▶ _Input for this task_

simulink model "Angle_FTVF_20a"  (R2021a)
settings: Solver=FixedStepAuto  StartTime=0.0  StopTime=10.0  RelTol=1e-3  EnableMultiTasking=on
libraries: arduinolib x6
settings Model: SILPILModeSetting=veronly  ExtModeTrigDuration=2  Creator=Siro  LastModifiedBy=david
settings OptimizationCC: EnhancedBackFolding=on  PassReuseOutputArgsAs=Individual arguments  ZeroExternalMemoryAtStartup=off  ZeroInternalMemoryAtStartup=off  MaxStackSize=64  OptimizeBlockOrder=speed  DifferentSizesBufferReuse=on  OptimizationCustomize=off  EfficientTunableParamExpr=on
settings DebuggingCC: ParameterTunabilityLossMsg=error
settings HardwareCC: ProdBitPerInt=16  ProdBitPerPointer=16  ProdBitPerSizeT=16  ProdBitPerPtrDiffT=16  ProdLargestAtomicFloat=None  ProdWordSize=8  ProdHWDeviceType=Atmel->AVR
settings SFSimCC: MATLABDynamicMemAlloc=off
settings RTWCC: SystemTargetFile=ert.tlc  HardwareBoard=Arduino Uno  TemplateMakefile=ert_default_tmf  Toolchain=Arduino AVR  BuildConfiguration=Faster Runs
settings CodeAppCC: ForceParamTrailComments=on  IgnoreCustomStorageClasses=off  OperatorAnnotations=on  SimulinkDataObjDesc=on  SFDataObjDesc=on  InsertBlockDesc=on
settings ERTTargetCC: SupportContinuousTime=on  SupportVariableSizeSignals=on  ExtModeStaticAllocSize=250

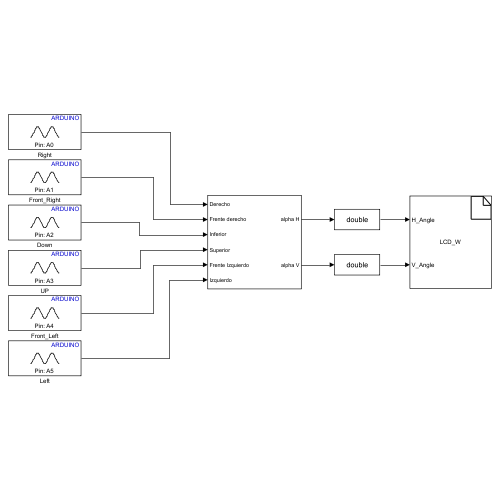
[thumbnail: Simulink's stored preview of the top-level diagram]
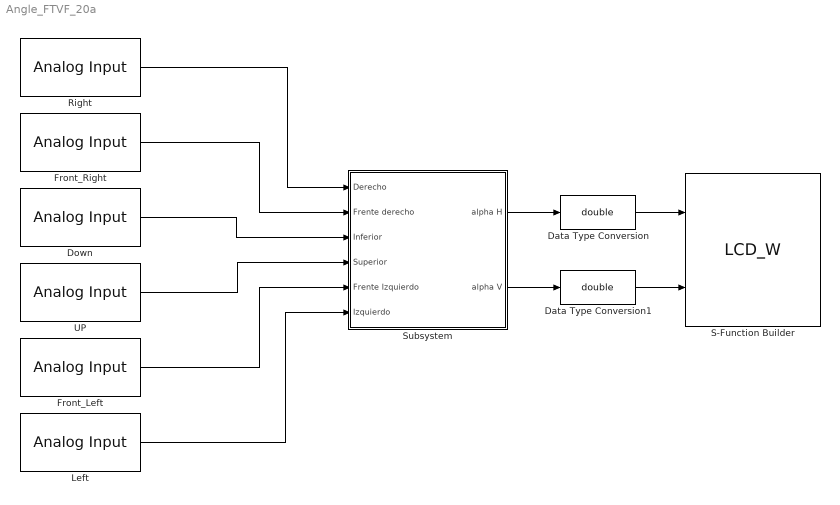
== system Angle_FTVF_20a ==
  Data Type Conversion : DataTypeConversion  OutDataTypeStr=double
  Data Type Conversion1 : DataTypeConversion  OutDataTypeStr=double
  Down : arduinolib/Analog Input  pinNumber=2  ReadResultsOnly=off  ConversionTriggerSource=Software  ExternalTriggerType=uint32( 0 )  OutputDataType=uint16  EnableConversionCompleteNotify=off  EnableOuputStatus=off  SampleTime=0.1  blockPlatform=arduino
  Front_Left : arduinolib/Analog Input  pinNumber=4  ReadResultsOnly=off  ConversionTriggerSource=Software  ExternalTriggerType=uint32( 0 )  OutputDataType=uint16  EnableConversionCompleteNotify=off  EnableOuputStatus=off  SampleTime=0.1  blockPlatform=arduino
  Front_Right : arduinolib/Analog Input  pinNumber=1  ReadResultsOnly=off  ConversionTriggerSource=Software  ExternalTriggerType=uint32( 0 )  OutputDataType=uint16  EnableConversionCompleteNotify=off  EnableOuputStatus=off  SampleTime=0.1  blockPlatform=arduino
  Left : arduinolib/Analog Input  pinNumber=5  ReadResultsOnly=off  ConversionTriggerSource=Software  ExternalTriggerType=uint32( 0 )  OutputDataType=uint16  EnableConversionCompleteNotify=off  EnableOuputStatus=off  SampleTime=0.1  blockPlatform=arduino
  Right : arduinolib/Analog Input  pinNumber=0  ReadResultsOnly=off  ConversionTriggerSource=Software  ExternalTriggerType=uint32( 0 )  OutputDataType=uint16  EnableConversionCompleteNotify=off  EnableOuputStatus=off  SampleTime=0.1  blockPlatform=arduino
  S-Function Builder : S-Function  FunctionName=LCD_W  SFunctionModules=LCD_W_wrapper  SFunctionDeploymentMode=off  EnableBusSupport=off  mask(S-Function Builder){}
      mask help: Simulink:masks:SFunctionBuilder_MD
      mask init:
      | val = [[.9  0.75 0.75 1 1 .9 .9 1]',[1 1 0.75 0.75 .9 .9 1 .9]'];try , sys = get_param(gcb,'SfunBuilderFcnName');if isempty(sys), sys = get_param(gcb,'FunctionName'); end,catch, sys = get_param(gcb,'FunctionName'); end
      settings: CopyFcn=set_param(gcbh,'LinkStatus','none')  OpenFcn=sfunctionwizard(gcbh)
      mask Display:
      | plot(val(:,1),val(:,2))
      | disp(sys)
      | port_label('input',1,'H_Angle')
      | port_label('input',2,'V_Angle')
  Subsystem : Subsystem
  UP : arduinolib/Analog Input  pinNumber=3  ReadResultsOnly=off  ConversionTriggerSource=Software  ExternalTriggerType=uint32( 0 )  OutputDataType=uint16  EnableConversionCompleteNotify=off  EnableOuputStatus=off  SampleTime=0.1  blockPlatform=arduino
  wires:
  Subsystem/2(alpha V) -> Data Type Conversion1/1
  Front_Right/1 -> Subsystem/2(Frente derecho)
  Down/1 -> Subsystem/3(Inferior)
  Front_Left/1 -> Subsystem/5(Frente Izquierdo)
  Subsystem/1(alpha H) -> Data Type Conversion/1
  Data Type Conversion/1 -> S-Function Builder/1
  UP/1 -> Subsystem/4(Superior)
  Left/1 -> Subsystem/6(Izquierdo)
  Right/1 -> Subsystem/1(Derecho)
  Data Type Conversion1/1 -> S-Function Builder/2

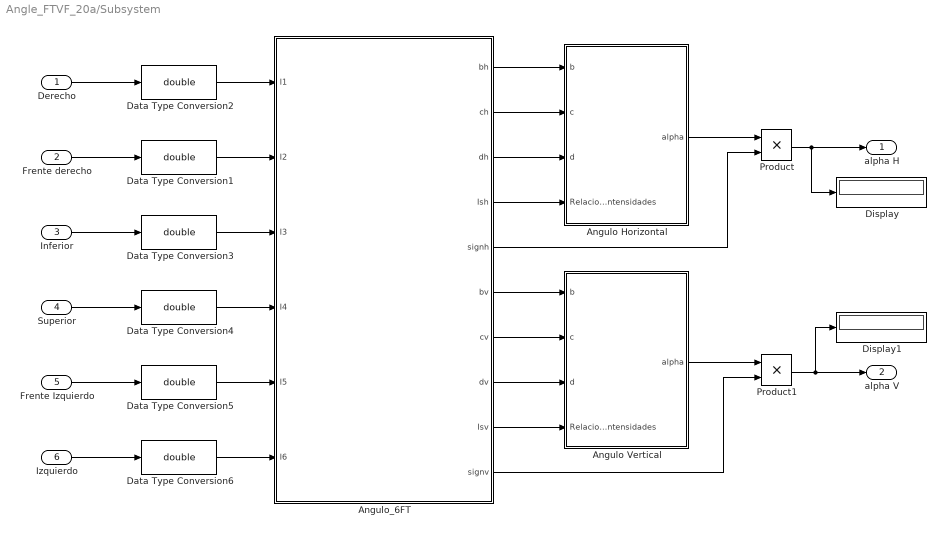
== system Angle_FTVF_20a/Subsystem ==
  Derecho : Inport
  Frente derecho : Inport  Port=2
  Inferior : Inport  Port=3
  Superior : Inport  Port=4
  Frente Izquierdo : Inport  Port=5
  Izquierdo : Inport  Port=6
  Angulo Horizontal : Subsystem
  Angulo Vertical : Subsystem
  Angulo_6FT : MATLAB Function  TreatAsAtomicUnit=on
  Data Type Conversion{1..6} (6 alike) : DataTypeConversion  OutDataTypeStr=double
  Display : Display
  Display1 : Display
  Product : Product
  Product1 : Product
  alpha H : Outport
  alpha V : Outport  Port=2
  wires:
  Data Type Conversion3/1 -> Angulo_6FT/3(I3)
  Angulo_6FT/8(dv) -> Angulo Vertical/3(d)
  Angulo_6FT/6(bv) -> Angulo Vertical/1(b)
  Product/1 -> alpha H/1, Display/1
  Angulo_6FT/7(cv) -> Angulo Vertical/2(c)
  Angulo Vertical/1(alpha) -> Product1/1
  Angulo_6FT/5(signh) -> Product/2
  Angulo_6FT/1(bh) -> Angulo Horizontal/1(b)
  Angulo_6FT/2(ch) -> Angulo Horizontal/2(c)
  Data Type Conversion5/1 -> Angulo_6FT/5(I5)
  Angulo_6FT/9(Isv) -> Angulo Vertical/4(Relacion de intensidades)
  Data Type Conversion2/1 -> Angulo_6FT/1(I1)
  Angulo_6FT/10(signv) -> Product1/2
  Data Type Conversion1/1 -> Angulo_6FT/2(I2)
  Data Type Conversion4/1 -> Angulo_6FT/4(I4)
  Data Type Conversion6/1 -> Angulo_6FT/6(I6)
  Angulo Horizontal/1(alpha) -> Product/1
  Product1/1 -> alpha V/1, Display1/1
  Angulo_6FT/3(dh) -> Angulo Horizontal/3(d)
  Angulo_6FT/4(Ish) -> Angulo Horizontal/4(Relacion de intensidades)
  Inferior/1 -> Data Type Conversion3/1
  Frente Izquierdo/1 -> Data Type Conversion5/1
  Izquierdo/1 -> Data Type Conversion6/1
  Derecho/1 -> Data Type Conversion2/1
  Frente derecho/1 -> Data Type Conversion1/1
  Superior/1 -> Data Type Conversion4/1

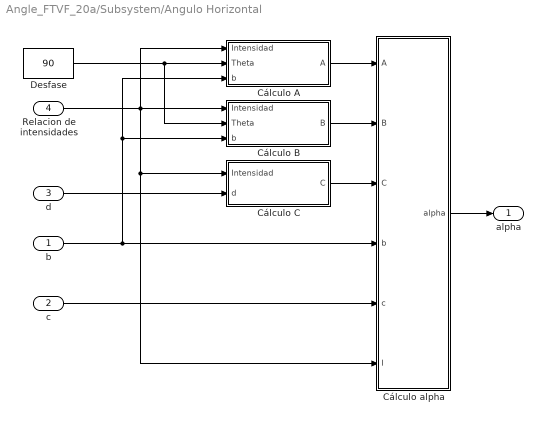
== system Angle_FTVF_20a/Subsystem/Angulo Horizontal ==
  b : Inport
  c : Inport  Port=2
  d : Inport  Port=3
  Relacion de intensidades : Inport  Port=4
  Cálculo A : Subsystem
  Cálculo B : Subsystem
  Cálculo C : Subsystem
  Cálculo alpha : MATLAB Function  TreatAsAtomicUnit=on
  Desfase : Constant  Value=90
  alpha : Outport
  wires:
  Cálculo alpha/1(alpha) -> alpha/1
  d/1 -> Cálculo C/2(d)
  Relacion de intensidades/1 -> Cálculo alpha/6(I), Cálculo C/1(Intensidad), Cálculo B/1(Intensidad), Cálculo A/1(Intensidad)
  b/1 -> Cálculo alpha/4(b), Cálculo B/3(b), Cálculo A/3(b)
  Cálculo C/1(C) -> Cálculo alpha/3(C)
  Cálculo B/1(B) -> Cálculo alpha/2(B)
  Cálculo A/1(A) -> Cálculo alpha/1(A)
  Desfase/1 -> Cálculo B/2(Theta), Cálculo A/2(Theta)
  c/1 -> Cálculo alpha/5(c)

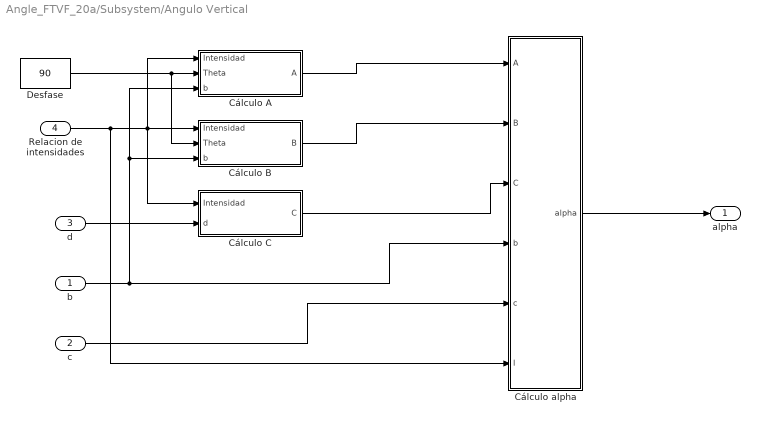
== system Angle_FTVF_20a/Subsystem/Angulo Vertical ==
  b : Inport
  c : Inport  Port=2
  d : Inport  Port=3
  Relacion de intensidades : Inport  Port=4
  Cálculo A : Subsystem
  Cálculo B : Subsystem
  Cálculo C : Subsystem
  Cálculo alpha : MATLAB Function  TreatAsAtomicUnit=on
  Desfase : Constant  Value=90
  alpha : Outport
  wires:
  Cálculo alpha/1(alpha) -> alpha/1
  d/1 -> Cálculo C/2(d)
  Relacion de intensidades/1 -> Cálculo alpha/6(I), Cálculo B/1(Intensidad), Cálculo A/1(Intensidad), Cálculo C/1(Intensidad)
  b/1 -> Cálculo alpha/4(b), Cálculo B/3(b), Cálculo A/3(b)
  Cálculo C/1(C) -> Cálculo alpha/3(C)
  Cálculo B/1(B) -> Cálculo alpha/2(B)
  Cálculo A/1(A) -> Cálculo alpha/1(A)
  Desfase/1 -> Cálculo B/2(Theta), Cálculo A/2(Theta)
  c/1 -> Cálculo alpha/5(c)

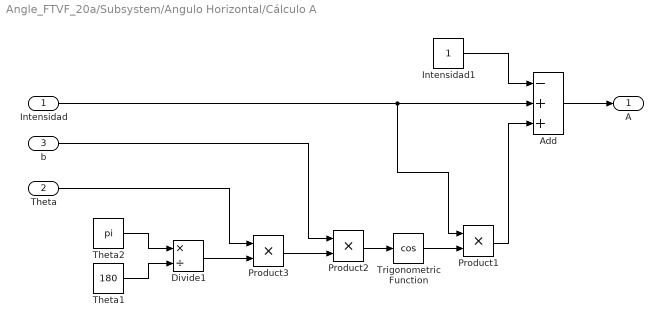
== system Angle_FTVF_20a/Subsystem/Angulo Horizontal/Cálculo A ==
  Intensidad : Inport
  Theta : Inport  Port=2
  b : Inport  Port=3
  Add : Sum  Inputs=-++
  Divide1 : Product  Inputs=*/
  Intensidad1 : Constant
  Product1 : Product
  Product2 : Product
  Product3 : Product
  Theta1 : Constant  Value=180
  Theta2 : Constant  Value=pi
  Trigonometric Function : Trigonometry  Operator=cos
  A : Outport
  wires:
  Divide1/1 -> Product3/2
  Product3/1 -> Product2/2
  Theta2/1 -> Divide1/1
  Intensidad1/1 -> Add/1
  Product1/1 -> Add/3
  Theta1/1 -> Divide1/2
  Trigonometric Function/1 -> Product1/2
  Product2/1 -> Trigonometric Function/1
  Intensidad/1 -> Product1/1, Add/2
  Theta/1 -> Product3/1
  Add/1 -> A/1
  b/1 -> Product2/1

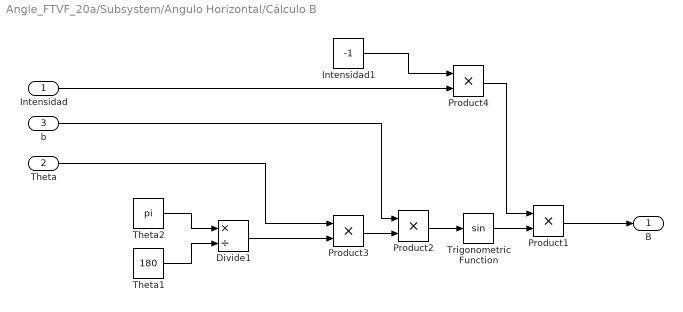
== system Angle_FTVF_20a/Subsystem/Angulo Horizontal/Cálculo B ==
  Intensidad : Inport
  Theta : Inport  Port=2
  b : Inport  Port=3
  Divide1 : Product  Inputs=*/
  Intensidad1 : Constant  Value=-1
  Product{1..4} (4 alike) : Product
  Theta1 : Constant  Value=180
  Theta2 : Constant  Value=pi
  Trigonometric Function : Trigonometry
  B : Outport
  wires:
  Divide1/1 -> Product3/2
  Product3/1 -> Product2/2
  Theta2/1 -> Divide1/1
  Product1/1 -> B/1
  Theta1/1 -> Divide1/2
  Trigonometric Function/1 -> Product1/2
  Product2/1 -> Trigonometric Function/1
  Intensidad/1 -> Product4/2
  Theta/1 -> Product3/1
  Intensidad1/1 -> Product4/1
  Product4/1 -> Product1/1
  b/1 -> Product2/1

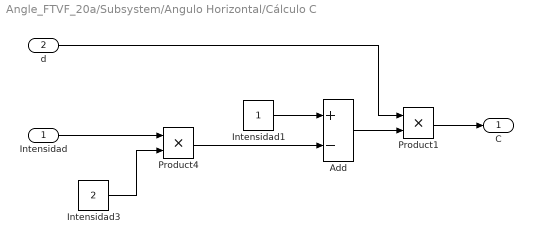
== system Angle_FTVF_20a/Subsystem/Angulo Horizontal/Cálculo C ==
  Intensidad : Inport
  d : Inport  Port=2
  Add : Sum  Inputs=+-
  Intensidad1 : Constant
  Intensidad3 : Constant  Value=2
  Product1 : Product
  Product4 : Product
  C : Outport
  wires:
  Intensidad1/1 -> Add/1
  Intensidad/1 -> Product4/1
  Intensidad3/1 -> Product4/2
  Product4/1 -> Add/2
  Add/1 -> Product1/2
  Product1/1 -> C/1
  d/1 -> Product1/1

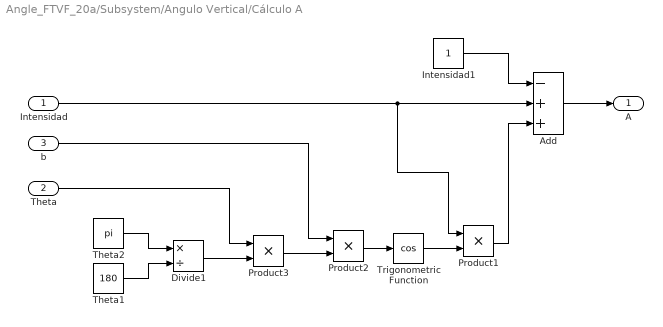
== system Angle_FTVF_20a/Subsystem/Angulo Vertical/Cálculo A ==
  Intensidad : Inport
  Theta : Inport  Port=2
  b : Inport  Port=3
  Add : Sum  Inputs=-++
  Divide1 : Product  Inputs=*/
  Intensidad1 : Constant
  Product1 : Product
  Product2 : Product
  Product3 : Product
  Theta1 : Constant  Value=180
  Theta2 : Constant  Value=pi
  Trigonometric Function : Trigonometry  Operator=cos
  A : Outport
  wires:
  Divide1/1 -> Product3/2
  Product3/1 -> Product2/2
  Theta2/1 -> Divide1/1
  Intensidad1/1 -> Add/1
  Product1/1 -> Add/3
  Theta1/1 -> Divide1/2
  Trigonometric Function/1 -> Product1/2
  Product2/1 -> Trigonometric Function/1
  Intensidad/1 -> Product1/1, Add/2
  Theta/1 -> Product3/1
  Add/1 -> A/1
  b/1 -> Product2/1

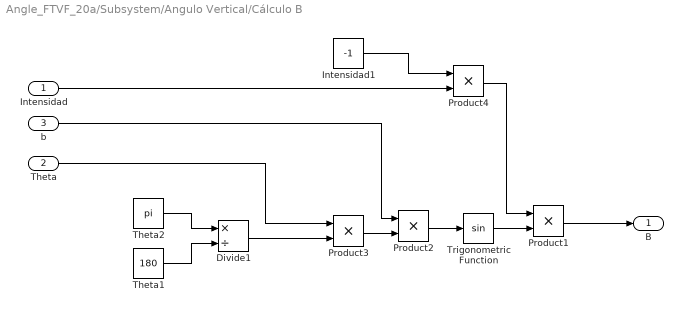
== system Angle_FTVF_20a/Subsystem/Angulo Vertical/Cálculo B ==
  Intensidad : Inport
  Theta : Inport  Port=2
  b : Inport  Port=3
  Divide1 : Product  Inputs=*/
  Intensidad1 : Constant  Value=-1
  Product{1..4} (4 alike) : Product
  Theta1 : Constant  Value=180
  Theta2 : Constant  Value=pi
  Trigonometric Function : Trigonometry
  B : Outport
  wires:
  Divide1/1 -> Product3/2
  Product3/1 -> Product2/2
  Theta2/1 -> Divide1/1
  Product1/1 -> B/1
  Theta1/1 -> Divide1/2
  Trigonometric Function/1 -> Product1/2
  Product2/1 -> Trigonometric Function/1
  Intensidad/1 -> Product4/2
  Theta/1 -> Product3/1
  Intensidad1/1 -> Product4/1
  Product4/1 -> Product1/1
  b/1 -> Product2/1

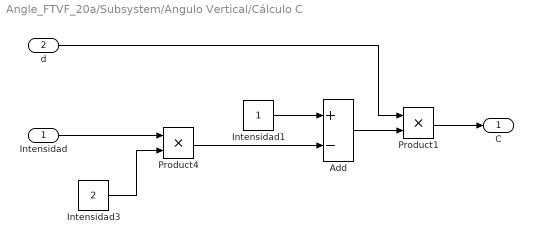
== system Angle_FTVF_20a/Subsystem/Angulo Vertical/Cálculo C ==
  Intensidad : Inport
  d : Inport  Port=2
  Add : Sum  Inputs=+-
  Intensidad1 : Constant
  Intensidad3 : Constant  Value=2
  Product1 : Product
  Product4 : Product
  C : Outport
  wires:
  Intensidad1/1 -> Add/1
  Intensidad/1 -> Product4/1
  Intensidad3/1 -> Product4/2
  Product4/1 -> Add/2
  Add/1 -> Product1/2
  Product1/1 -> C/1
  d/1 -> Product1/1

== matlab function Angle_FTVF_20a/Subsystem/Angulo Vertical/Cálculo alpha ==
  data: A input; alpha output; B input; C input; b input; c input; I input
function alpha = fcn(A, B, C, b, c,I)
    
    if ((I < 0.2) && (I > 0.8))
    alpha = 200;
    else
    if ((A+C ~= 0) && (-B*sqrt(A^2+B^2-C^2)+A^2+A*C+B^2 ~= 0))
        
        alpha = 2*atan((B-sqrt(A^2+B^2-C^2))/(A+C));

    elseif ((A+C ~= 0) && (B*sqrt(A^2+B^2-C^2)+A^2+A*C+B^2 ~= 0))

        alpha = 2*atan((B+sqrt(A^2+B^2-C^2))/(A+C));

    elseif ((B ~= 0) && (A^2+B^2~=0) && (C == -A))

        alpha = -2*atan(A/B);

    elseif (A == -C)

        alpha = pi;

    else

        alpha = 1000;

    end
    end
    alpha = (alpha -c*pi/180)/b;

    alpha = alpha*180/pi;

end

== matlab function Angle_FTVF_20a/Subsystem/Angulo_6FT ==
  data: I1 input; bh output; I2 input; I3 input; I4 input; I5 input; I6 input; ch output; dh output; Ish output; signh output; bv output; cv output; dv output; Isv output; signv output
function [bh,ch,dh,Ish,signh,bv,cv,dv,Isv,signv] = fcn(I1,I2,I3,I4,I5,I6)

%I1:Intensidad del FT derecho
%I2:Intensidad del FT frente/derecho
%I3:Intensidad del FT inferior
%I4:Intensidad del FT superior
%I5:Intensidad del FT frente/izquierdo
%I6:Intensidad del FT izquierdo

%bh: Coeficiente b para el ángulo horizontal
%ch: Coeficiente c para el ángulo horizontal
%dh: Coeficiente d para el ángulo horizontal
%ISH: Relación de intensidades para el ángulo horizontal
%signh: Signo del ángulo del plano horizontal

%bv: Coeficiente b para el ángulo vertical
%cv: Coeficiente c para el ángulo vertical
%dv: Coeficiente d para el ángulo vertical
%ISV: Relación de intensidades para el ángulo vertical
%signv: Signo del ángulo del plano vertical

%Plano Horizontal
if (((I1+1e-6)/(I6+1e-6) < 1.5) && ((I6+1e-6)/(I1+1e-6) < 1.5)) && ((I2>15)&&(I5>15)) % 0 
    bh = 1.7875;
    ch = 11.77375;
    dh = 1.57625;
    Ish = (cosd(11.77375 + 1.7875*0) + 1.57625)/(cosd(11.77375 + 1.7875*0) + 1.57625+cosd(11.77375 + 1.7875*90) + 1.57625);
    signh = 0; 
elseif I1 > I6 %0 - 90
    if (I1>I2)&&(((I6 > I2) && (I6 > I5)) || (((I2/(I5+1e-6) < 2.5) && (I5/(I2++1e-6) < 2.5)) && ((I2<10)||(I5<10)))) %90
        bh = 1;
        ch = 0;
        dh = 0;
        Ish = 0;
        signh = 1;
    else
        bh = 2.37125;
        ch = 2.827525;
        dh = 0.8898;
        Ish = I2/(I2+I1);
        signh = 1;
    end 
elseif I6 > I1 %0 - -90
    if (I6>I5)&&(((I1 > I2) && (I1 > I5)) || (((I2/(I5+1e-6) < 2.5)&&(I5/(I2+1e-6) < 2.5) )&& ((I2<15)||(I5<15)))) %-90
        bh = 1;
        ch = 0;
        dh = 0;
        Ish = 0;
        signh = -1;
    else
        bh = 2.316;
        ch = -21.4075;
        dh = 0.861975;
        Ish = I5/(I5+I6);
        signh = -1;  
    end
elseif (I1 <= 15)&&(I2 <= 5)&&(I5 <= 5)&&(I6 <= 15)%180
    bh = 1;
    ch = 0;
    dh = 0;
    Ish = 1;
    signh = 1;
else
    bh = 1;
    ch = 0;
    dh = 0;
    Ish = 1;
    signh = 0;    
end    
 
    
%Plano Vertical
if ((I3+1e-6)/(I4+1e-6) < 2) && ((I2+1e-6)/(I5+1e-6) < 2) % 0 
    bv = 1.7875;
    cv = 11.77375;
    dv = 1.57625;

▶ _Task_
Search the material above for the word "ángulo", and return each line that holds it.

▶ _Expected answer_
%bh: Coeficiente b para el ángulo horizontal
%ch: Coeficiente c para el ángulo horizontal
%dh: Coeficiente d para el ángulo horizontal
%ISH: Relación de intensidades para el ángulo horizontal
%signh: Signo del ángulo del plano horizontal
%bv: Coeficiente b para el ángulo vertical
%cv: Coeficiente c para el ángulo vertical
%dv: Coeficiente d para el ángulo vertical
%ISV: Relación de intensidades para el ángulo vertical
%signv: Signo del ángulo del plano vertical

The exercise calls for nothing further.